Copy each line of the data below in which the word "simulink" can be found.

Saved data entries:
——————
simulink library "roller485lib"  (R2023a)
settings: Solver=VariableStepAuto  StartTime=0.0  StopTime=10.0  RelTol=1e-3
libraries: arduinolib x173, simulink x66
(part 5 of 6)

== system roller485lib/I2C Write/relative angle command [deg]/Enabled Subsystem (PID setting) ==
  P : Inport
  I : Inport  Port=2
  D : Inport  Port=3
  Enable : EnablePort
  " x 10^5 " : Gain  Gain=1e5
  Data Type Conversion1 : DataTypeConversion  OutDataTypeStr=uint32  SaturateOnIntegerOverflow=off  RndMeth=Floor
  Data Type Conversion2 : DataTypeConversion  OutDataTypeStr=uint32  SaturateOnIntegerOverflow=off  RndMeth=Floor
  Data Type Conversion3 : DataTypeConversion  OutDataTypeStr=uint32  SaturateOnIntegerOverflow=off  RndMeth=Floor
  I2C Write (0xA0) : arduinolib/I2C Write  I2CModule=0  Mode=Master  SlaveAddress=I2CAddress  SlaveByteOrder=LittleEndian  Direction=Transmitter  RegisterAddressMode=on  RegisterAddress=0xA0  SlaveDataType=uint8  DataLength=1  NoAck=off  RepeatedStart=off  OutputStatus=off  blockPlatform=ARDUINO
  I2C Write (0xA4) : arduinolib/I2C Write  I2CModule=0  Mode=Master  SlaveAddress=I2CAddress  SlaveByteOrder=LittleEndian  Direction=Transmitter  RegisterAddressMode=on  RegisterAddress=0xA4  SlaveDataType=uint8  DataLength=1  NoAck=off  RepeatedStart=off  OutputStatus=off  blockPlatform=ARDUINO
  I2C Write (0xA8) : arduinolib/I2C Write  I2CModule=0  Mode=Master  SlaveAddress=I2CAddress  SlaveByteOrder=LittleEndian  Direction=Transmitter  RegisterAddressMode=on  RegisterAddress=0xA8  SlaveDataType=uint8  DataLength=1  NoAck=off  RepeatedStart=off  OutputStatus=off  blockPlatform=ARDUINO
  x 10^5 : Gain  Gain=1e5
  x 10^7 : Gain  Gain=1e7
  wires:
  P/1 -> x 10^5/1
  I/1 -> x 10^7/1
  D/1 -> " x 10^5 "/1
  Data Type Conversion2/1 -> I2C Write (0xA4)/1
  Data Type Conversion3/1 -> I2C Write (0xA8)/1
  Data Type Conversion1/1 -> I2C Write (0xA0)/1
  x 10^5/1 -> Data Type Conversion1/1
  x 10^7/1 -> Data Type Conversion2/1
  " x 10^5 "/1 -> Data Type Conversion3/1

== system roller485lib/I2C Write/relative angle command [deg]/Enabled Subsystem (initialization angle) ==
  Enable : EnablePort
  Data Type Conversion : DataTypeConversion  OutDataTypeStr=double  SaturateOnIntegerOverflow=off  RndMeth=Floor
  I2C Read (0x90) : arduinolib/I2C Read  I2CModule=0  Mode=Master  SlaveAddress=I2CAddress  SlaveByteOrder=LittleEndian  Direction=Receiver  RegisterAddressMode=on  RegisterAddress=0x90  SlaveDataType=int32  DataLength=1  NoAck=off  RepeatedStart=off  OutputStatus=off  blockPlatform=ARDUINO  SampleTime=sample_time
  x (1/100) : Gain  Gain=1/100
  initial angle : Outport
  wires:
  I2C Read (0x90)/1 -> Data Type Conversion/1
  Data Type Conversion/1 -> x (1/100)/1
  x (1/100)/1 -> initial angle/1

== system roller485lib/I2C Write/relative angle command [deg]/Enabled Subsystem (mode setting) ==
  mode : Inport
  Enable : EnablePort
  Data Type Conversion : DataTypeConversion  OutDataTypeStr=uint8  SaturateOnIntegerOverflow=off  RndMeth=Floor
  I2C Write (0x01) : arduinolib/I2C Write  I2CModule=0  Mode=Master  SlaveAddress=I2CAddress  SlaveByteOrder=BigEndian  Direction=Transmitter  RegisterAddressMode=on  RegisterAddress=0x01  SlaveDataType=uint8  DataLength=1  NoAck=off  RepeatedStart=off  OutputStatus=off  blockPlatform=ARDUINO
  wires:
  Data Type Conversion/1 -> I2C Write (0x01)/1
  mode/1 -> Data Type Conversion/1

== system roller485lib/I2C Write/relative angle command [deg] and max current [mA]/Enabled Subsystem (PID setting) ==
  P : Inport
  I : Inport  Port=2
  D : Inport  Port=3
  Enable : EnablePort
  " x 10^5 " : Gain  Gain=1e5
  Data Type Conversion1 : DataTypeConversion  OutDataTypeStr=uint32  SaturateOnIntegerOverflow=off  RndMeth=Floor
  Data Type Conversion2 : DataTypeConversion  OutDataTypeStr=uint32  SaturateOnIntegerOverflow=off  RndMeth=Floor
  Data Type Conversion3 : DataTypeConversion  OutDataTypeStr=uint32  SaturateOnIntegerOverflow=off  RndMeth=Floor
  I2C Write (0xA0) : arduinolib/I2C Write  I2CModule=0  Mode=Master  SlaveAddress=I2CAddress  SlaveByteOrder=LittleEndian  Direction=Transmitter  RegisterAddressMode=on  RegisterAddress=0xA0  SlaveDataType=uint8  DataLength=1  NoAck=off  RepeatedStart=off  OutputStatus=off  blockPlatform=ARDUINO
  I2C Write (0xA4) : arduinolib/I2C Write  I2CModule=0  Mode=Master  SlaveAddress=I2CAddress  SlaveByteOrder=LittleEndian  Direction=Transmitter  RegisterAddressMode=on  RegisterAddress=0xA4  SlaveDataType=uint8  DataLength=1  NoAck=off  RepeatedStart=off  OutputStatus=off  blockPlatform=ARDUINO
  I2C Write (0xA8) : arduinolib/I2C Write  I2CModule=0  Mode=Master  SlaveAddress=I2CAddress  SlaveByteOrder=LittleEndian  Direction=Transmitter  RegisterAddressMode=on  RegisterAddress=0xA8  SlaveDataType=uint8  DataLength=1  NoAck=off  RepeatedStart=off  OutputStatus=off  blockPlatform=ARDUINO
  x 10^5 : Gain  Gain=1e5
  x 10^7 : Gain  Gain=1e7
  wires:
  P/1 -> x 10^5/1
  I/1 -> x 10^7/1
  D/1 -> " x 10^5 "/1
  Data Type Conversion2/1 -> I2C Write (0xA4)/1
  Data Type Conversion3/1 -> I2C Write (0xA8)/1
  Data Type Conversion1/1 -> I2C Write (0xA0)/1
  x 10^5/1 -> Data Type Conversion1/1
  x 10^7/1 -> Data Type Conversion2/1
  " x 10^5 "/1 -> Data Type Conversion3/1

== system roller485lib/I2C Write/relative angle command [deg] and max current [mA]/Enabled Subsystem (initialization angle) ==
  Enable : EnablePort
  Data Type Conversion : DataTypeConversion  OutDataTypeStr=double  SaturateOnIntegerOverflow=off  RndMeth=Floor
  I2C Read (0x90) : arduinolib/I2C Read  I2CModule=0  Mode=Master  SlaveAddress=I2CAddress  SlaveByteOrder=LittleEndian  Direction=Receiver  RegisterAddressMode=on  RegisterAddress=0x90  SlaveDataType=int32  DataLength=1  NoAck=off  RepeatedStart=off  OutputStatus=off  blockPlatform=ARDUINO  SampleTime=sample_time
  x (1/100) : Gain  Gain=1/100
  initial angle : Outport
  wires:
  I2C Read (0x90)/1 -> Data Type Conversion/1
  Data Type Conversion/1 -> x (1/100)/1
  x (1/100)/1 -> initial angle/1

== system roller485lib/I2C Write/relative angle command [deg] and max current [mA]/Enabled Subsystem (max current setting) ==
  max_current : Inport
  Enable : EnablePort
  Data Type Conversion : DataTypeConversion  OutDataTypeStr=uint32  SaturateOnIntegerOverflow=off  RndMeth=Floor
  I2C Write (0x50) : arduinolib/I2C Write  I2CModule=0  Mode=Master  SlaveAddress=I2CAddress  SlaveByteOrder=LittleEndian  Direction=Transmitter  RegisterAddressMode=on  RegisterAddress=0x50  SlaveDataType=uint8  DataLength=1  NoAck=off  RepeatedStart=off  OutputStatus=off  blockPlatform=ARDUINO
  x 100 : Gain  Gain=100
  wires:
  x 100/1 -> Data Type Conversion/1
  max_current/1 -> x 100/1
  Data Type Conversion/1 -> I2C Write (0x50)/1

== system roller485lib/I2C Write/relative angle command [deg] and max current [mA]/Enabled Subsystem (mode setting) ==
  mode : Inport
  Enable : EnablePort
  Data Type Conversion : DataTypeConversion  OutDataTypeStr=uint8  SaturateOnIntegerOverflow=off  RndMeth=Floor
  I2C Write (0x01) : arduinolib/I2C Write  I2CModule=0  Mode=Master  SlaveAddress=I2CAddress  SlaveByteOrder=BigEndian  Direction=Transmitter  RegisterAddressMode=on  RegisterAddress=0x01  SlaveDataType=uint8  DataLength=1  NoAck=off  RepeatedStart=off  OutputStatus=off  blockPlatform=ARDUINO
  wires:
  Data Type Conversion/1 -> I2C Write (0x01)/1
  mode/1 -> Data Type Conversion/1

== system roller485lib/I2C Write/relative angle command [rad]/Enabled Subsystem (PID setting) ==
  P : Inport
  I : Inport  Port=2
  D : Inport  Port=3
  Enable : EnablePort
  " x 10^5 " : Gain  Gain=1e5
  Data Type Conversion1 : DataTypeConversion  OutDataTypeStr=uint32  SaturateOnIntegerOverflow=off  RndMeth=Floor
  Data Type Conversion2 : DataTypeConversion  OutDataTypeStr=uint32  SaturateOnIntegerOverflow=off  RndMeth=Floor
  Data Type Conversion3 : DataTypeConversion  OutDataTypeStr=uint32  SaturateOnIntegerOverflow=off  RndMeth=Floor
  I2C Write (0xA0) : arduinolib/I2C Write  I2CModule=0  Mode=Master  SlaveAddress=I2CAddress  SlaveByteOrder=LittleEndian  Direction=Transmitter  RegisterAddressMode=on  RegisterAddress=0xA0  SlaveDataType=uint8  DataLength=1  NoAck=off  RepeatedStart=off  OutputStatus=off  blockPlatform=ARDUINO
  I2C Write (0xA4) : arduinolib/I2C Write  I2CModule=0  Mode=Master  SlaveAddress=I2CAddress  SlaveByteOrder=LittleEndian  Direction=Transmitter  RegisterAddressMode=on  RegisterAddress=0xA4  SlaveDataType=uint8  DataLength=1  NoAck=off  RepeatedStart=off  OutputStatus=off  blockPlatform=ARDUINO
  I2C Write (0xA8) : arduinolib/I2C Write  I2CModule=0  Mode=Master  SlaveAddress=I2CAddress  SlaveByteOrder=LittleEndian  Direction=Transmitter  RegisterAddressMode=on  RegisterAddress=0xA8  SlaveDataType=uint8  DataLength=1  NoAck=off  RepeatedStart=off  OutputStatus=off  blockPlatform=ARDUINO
——————
### Written solution
simulink library "roller485lib"  (R2023a)
libraries: arduinolib x173, simulink x66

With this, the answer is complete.